JAKARTA, KOMPAS.com - Badan Legislasi ( Baleg) DPR telah melaksanakan rapat evaluasi Program Legislasi Nasional (Prolegnas) Prioritas 2020 dengan Menteri Hukum dan HAM Yasonna Laoly dan Dewan Perwakilan Daerah (DPD).
Berdasarkan hasil rapat, ada 16 RUU yang ditarik dari Prolegnas Prioritas Tahun 2020, 4 RUU tambahan dari DPR dan pemerintah, serta 2 RUU yang diganti dengan RUU yang lain.

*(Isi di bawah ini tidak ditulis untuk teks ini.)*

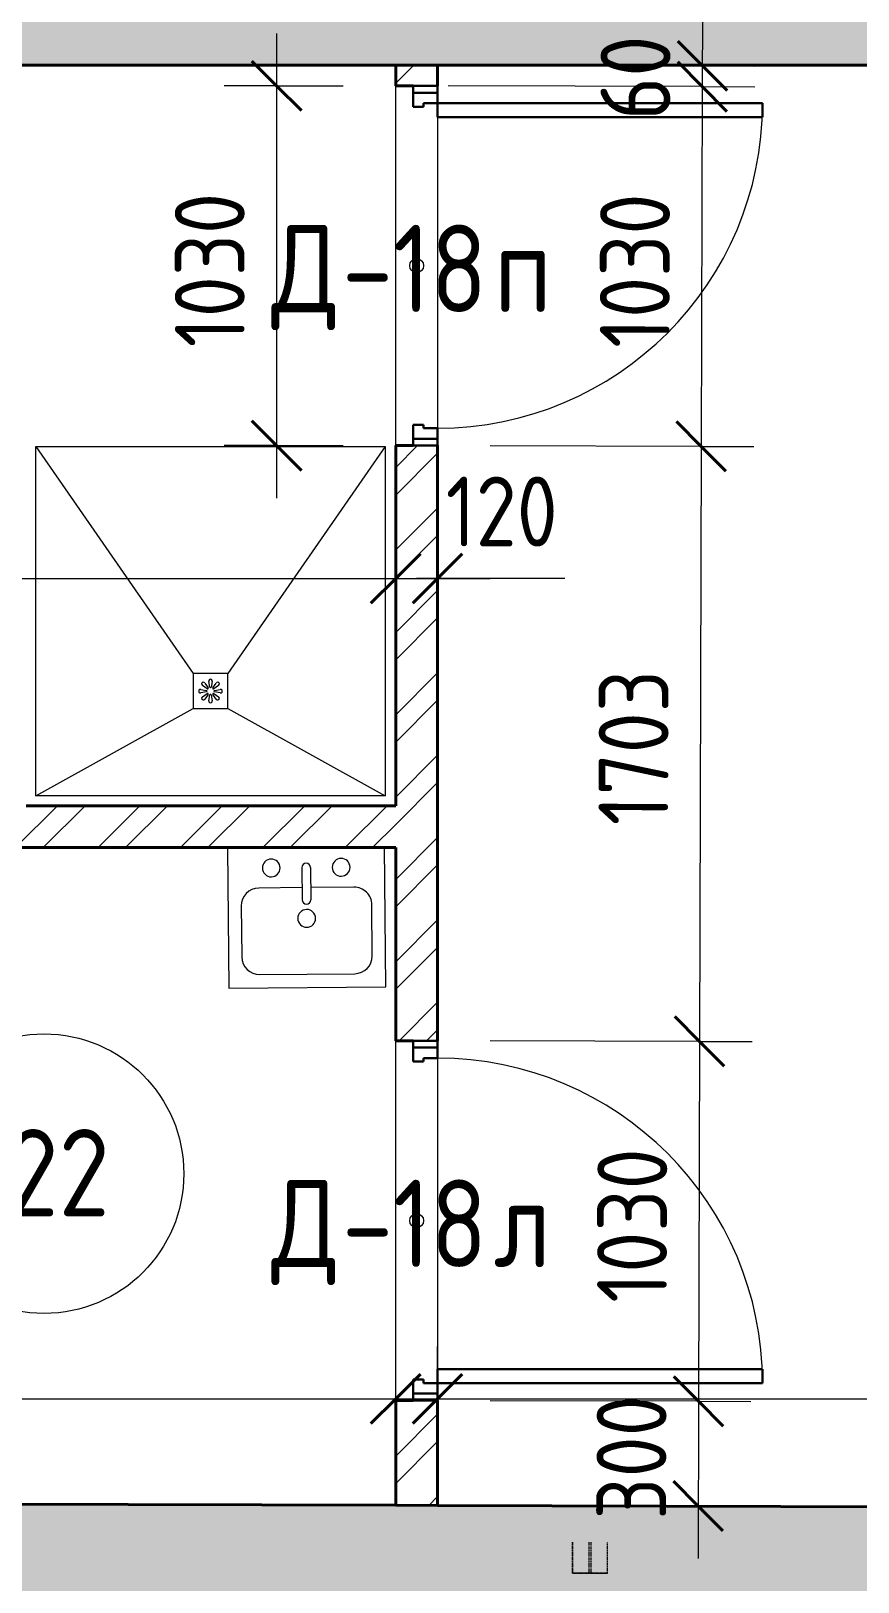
# Model space of a CAD drawing. Header units: millimetres. Extents: x -11886 to 379896, y -8130 to 47743.
# Drawn here: x 27032 to 29399, y 13336 to 17774 of the extents above; entities that cross this region are included whole.
import ezdxf

# ---------------------------------------------------------------- set-up
doc = ezdxf.new("R2010")
doc.units = ezdxf.units.MM
doc.linetypes.add('ADSK_Сверху', pattern=[4.5, 3, -1.5])
for name, color, linetype, lineweight, true_color in [('Двери', 5, 'Continuous', 18, 0x0000ff), ('Сантехника', 5, 'Continuous', 18, 0x0000ff), ('Сантехническое оборудование', 5, 'Continuous', 9, 0x0000ff), ('Стены внутренние', 5, 'Continuous', 18, 0x0000ff)]:
    doc.layers.add(name, color=color, linetype=linetype, lineweight=lineweight, true_color=true_color)
for name, color, linetype, lineweight in [('Каркас', 7, 'Continuous', 18), ('Марки дверей', 7, 'Continuous', 20), ('Марки помещений', 7, 'Continuous', 20), ('Размеры', 7, 'Continuous', 9), ('Размеры-100', 7, 'Continuous', 9)]:
    doc.layers.add(name, color=color, linetype=linetype, lineweight=lineweight)
doc.styles.add('GOST Common_1', font='GOST_Common.ttf', dxfattribs={"width": 0.9, "height": 200})
doc.styles.add('GOST Common_2', font='GOST_Common.ttf', dxfattribs={"width": 0.9, "height": 250})
doc.dimstyles.new('ADSK_Основной_2_мм_Округление_до_1_мм', dxfattribs={"dimscale": 304.8, "dimtxt": 201.142999, "dimasz": 0.463911, "dimexe": 0.492126, "dimexo": 0.492126, "dimgap": 0.098425, "dimtad": 1, "dimdec": 0, "dimdsep": 46, "dimtxsty": 'GOST Common_1', "dimblk1": 'OBLIQUE', "dimblk2": 'OBLIQUE', "dimsah": 1, "dimcen": 0.09, "dimdle": 0.492126, "dimazin": 2, "dimtfac": 1, "dimtdec": 4, "dimtix": 1, "dimtmove": 0, "dimatfit": 3, "dimfxl": 1, "dimtvp": 1, "dimtolj": 1, "dimtzin": 0, "dimlwd": 20, "dimlwe": 20, "dimarcsym": 2})
doc.dimstyles.new('ADSK_Основной_2_мм_Округление_до_1_мм_1', dxfattribs={"dimscale": 304.8, "dimtxt": 201.142999, "dimasz": 0.463911, "dimexe": 0.492126, "dimexo": 0.492126, "dimgap": 0.098425, "dimtad": 1, "dimdec": 0, "dimdsep": 46, "dimtxsty": 'GOST Common_1', "dimblk1": 'OBLIQUE', "dimblk2": 'OBLIQUE', "dimsah": 1, "dimcen": 0.09, "dimdle": 0.492126, "dimazin": 2, "dimtfac": 1, "dimtdec": 4, "dimtix": 1, "dimtmove": 1, "dimatfit": 3, "dimfxl": 1, "dimtvp": 1, "dimtolj": 1, "dimtzin": 0, "dimlwd": 20, "dimlwe": 20, "dimarcsym": 2})
pattern_1 = [(45, (0, 0), (-117.8655, 117.8655), []), (45, (78.58, 0), (-117.8655, 117.8655), [])]

# ---------------------------------------------------------------- blocks, each defined once
blk = doc.blocks.new('Типовая двутавровая балка _АСТО 20-93_ Балки - 100х200мм-V2-01 План 1-го этажа маркировочный')
at = {"layer": 'Каркас', "color": 253, "linetype": 'ADSK_Сверху', "true_color": 0xaaaaaa}
for p, q in [((-2169.5, 50), (-2169.5, -50)), ((-2169.5, 50), (-2081.2, 50)), ((-2081.2, 3), (-2169.5, 3)), ((-2081.2, -3), (-2169.5, -3)), ((-2169.5, -50), (-2081.3, -50))]:
    blk.add_line(p, q, dxfattribs=at)
at = {"layer": 'Каркас', "color": 9, "linetype": 'ADSK_Сверху', "true_color": 0xb9b9b9}
for p, q in [((-2169.5, 3.4), (-2169.5, 50)), ((-2169.5, 50), (-2081.2, 50)), ((-2169.5, -50), (-2169.5, -3.4)), ((-2169.5, -50), (-2081.3, -50))]:
    blk.add_line(p, q, dxfattribs=at)
at = {"layer": 'Каркас', "color": 253, "linetype": 'ADSK_Сверху', "true_color": 0xb2b2b2}
for p, q in [((-2169.5, 50), (-2169.5, 15)), ((-2169.5, 15), (-2169.5, 50)), ((-2081.2, 50), (-2169.5, 50)), ((-2169.5, 50), (-2081.2, 50)), ((-2169.5, 3), (-2169.5, 15)), ((-2169.5, 3), (-2169.5, 15)), ((-2169.5, -3), (-2169.5, 3)), ((-2169.5, -15), (-2169.5, -3)), ((-2169.5, -15), (-2169.5, -3)), ((-2169.5, -50), (-2169.5, -15)), ((-2169.5, -15), (-2169.5, -50)), ((-2169.5, -50), (-2081.3, -50)), ((-2169.5, -50), (-2081.3, -50))]:
    blk.add_line(p, q, dxfattribs=at)
blk = doc.blocks.new('AC_Дверь_Однопольная - Д-18п 1030х2200h-2319666-01 План 1-го этажа маркировочный')
at = {"layer": 'Двери', "lineweight": 30}
for p, q in [((-465, 990), (-425, 990)), ((-465, 60), (-465, 990)), ((-425, 990), (-425, 60)), ((-515, 60), (-495, 60)), ((-515, -10), (-515, 60)), ((-495, 60), (-465, 60)), ((-495, -10), (-495, 60)), ((-495, 60), (-495, -10)), ((-425, 60), (-465, 60)), ((-465, 60), (-465, 20)), ((465, 60), (495, 60)), ((465, 20), (465, 60)), ((495, 60), (495, -10)), ((495, 60), (515, 60)), ((495, -10), (495, 60)), ((515, 60), (515, -10)), ((-465, 20), (-455, 20)), ((-455, 20), (-455, -10)), ((455, 20), (465, 20)), ((455, -10), (455, 20)), ((-495, -10), (-515, -10)), ((-455, -10), (-495, -10)), ((495, -10), (455, -10)), ((515, -10), (495, -10))]:
    blk.add_line(p, q, dxfattribs=at)
at = {"layer": 'Двери'}
blk.add_arc((-465, 60), 930, 0, 90, dxfattribs=at)
blk = doc.blocks.new('AC_Дверь_Однопольная - Д-18л 1030х2200h-2319665-01 План 1-го этажа маркировочный')
at = {"layer": 'Двери', "lineweight": 30}
for p, q in [((465, 990), (425, 990)), ((425, 990), (425, 60)), ((465, 60), (465, 990)), ((-495, 60), (-515, 60)), ((-515, 60), (-515, -10)), ((-465, 60), (-495, 60)), ((-495, 60), (-495, -10)), ((-495, -10), (-495, 60)), ((-465, 20), (-465, 60)), ((425, 60), (465, 60)), ((495, 60), (465, 60)), ((465, 60), (465, 20)), ((495, -10), (495, 60)), ((515, 60), (495, 60)), ((495, 60), (495, -10)), ((515, -10), (515, 60)), ((-455, 20), (-465, 20)), ((-455, -10), (-455, 20)), ((465, 20), (455, 20)), ((455, 20), (455, -10)), ((-515, -10), (-495, -10)), ((-495, -10), (-455, -10)), ((455, -10), (495, -10)), ((495, -10), (515, -10))]:
    blk.add_line(p, q, dxfattribs=at)
at = {"layer": 'Двери'}
blk.add_arc((465, 60), 930, 90, 180, dxfattribs=at)
blk = doc.blocks.new('4-slope_shower_with_drain_2858 - 1000х1000-V220-01 План 1-го этажа маркировочный')
at = {"layer": 'Сантехническое оборудование'}
for p, q in [((-500, -300), (-500, 700)), ((-500, 700), (500, 700)), ((-500, 700), (-50, 50)), ((500, 700), (50, 50)), ((500, 700), (500, -300)), ((50, 50), (-50, 50)), ((-50, 50), (-50, -50)), ((50, -50), (50, 50)), ((-27.9, 4.9), (-11, 1.9)), ((-9.2, 6.4), (-23.2, 16.3)), ((-16.3, 23.2), (-6.4, 9.2)), ((-1.9, 11), (-4.9, 27.9)), ((4.9, 27.9), (1.9, 11)), ((6.4, 9.2), (16.3, 23.2)), ((23.2, 16.3), (9.2, 6.4)), ((11, 1.9), (27.9, 4.9)), ((-11, -1.9), (-27.9, -4.9)), ((-23.2, -16.3), (-9.2, -6.4)), ((-6.4, -9.2), (-16.3, -23.2)), ((-4.9, -27.9), (-1.9, -11)), ((1.9, -11), (4.9, -27.9)), ((16.3, -23.2), (6.4, -9.2)), ((9.2, -6.4), (23.2, -16.3)), ((27.9, -4.9), (11, -1.9)), ((-500, -300), (-50, -50)), ((-50, -50), (50, -50)), ((50, -50), (500, -300)), ((500, -300), (-500, -300))]:
    blk.add_line(p, q, dxfattribs=at)
for centre, radius, start, end in [((-28.8, 0), 5, 80, 280), ((-20.4, 20.4), 5, 35, 235), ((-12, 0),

"Mengurangi 16 Rancangan Undang-Undang dari Prolegnas prioritas tahun 2020," kata Ketua Baleg Supratman Andi Agtas saat membacakan kesimpulan rapat, di Kompleks Parlemen, Senayan, Jakarta, Kamis (2/7/2020).
Salah satu RUU yang ditarik dari Prolegnas Prioritas, adalah RUU Pertanahan.
Terkait keputusan ini, Menteri Agraria dan Tata Ruang/Kepala Badan Pertanahan Nasional (ATR/BPN) Sofyan A Djalil menegaskan belum bisa memberikan tanggapan atau komentar apa pun.
Baca juga: Sofyan Djalil Anggap UU Pokok Agraria Sudah Kuno
"Saya belum bisa memberikan komentar, karena belum mendapatkan salinan kesimpulan rapat evaluasi tersebut," ungkap Sofyan kepada Kompas.com, Jumat (3/7/2020).
Namun demikian Sofyan dapat menjelaskan bahwa sedianya RUU Pertanahan disahkan pada 24 September 2019 ini.
Karena mengalami penundaan akibat banyak masukan, dan kritikan dari masyarakat, maka RUU Pertanahan kembali dibahas dan masuk Prolegnas Prioritas tahun 2020.
Menurut dia, RUU Pertanahan ini penting karena mengakomodasi perkembangan zaman yang tak bisa lepas dari kemajuan teknologi informasi (TI).
"Saat ini kita hidup di zaman IT dengan masyarakat yang melek gawai dan perilaku serba digital, bukan lagi zaman agraris. Ini penting, dan kita harus menyesuaikan diri," imbuh Sofyan.
Fenomena itulah yang tidak diatur oleh Undang-Undang Nomor 5 Tahun 1960 tentang Pokok-Pokok Agraria (UUPA) yang berlaku saat ini.
Dus, UUPA juga belum didukung aturan lain setingkat undang-undang (UU). Beleid aturan pendukung UUPA ini hanya berupa peraturan presiden (perpres), peraturan pemerintah (pp), dan peraturan menteri (permen).
Baca juga: Sofyan Menilai RUU Pertanahan Sudah Baik, Hanya Kurang Sosialisasi
Hal itu pun menimbulkan persoalan sendiri dalam pengelolaan pertanahan dalam negeri.
"Aturan pertanahan kita itu belum sistemik. Akibatnya, terjadi banyak masalah," kata Sofyan.
Satu di antaranya ketimpangan penguasaan aset tanah. Saat ini, indeks gini pertanahan mencapai 0,56.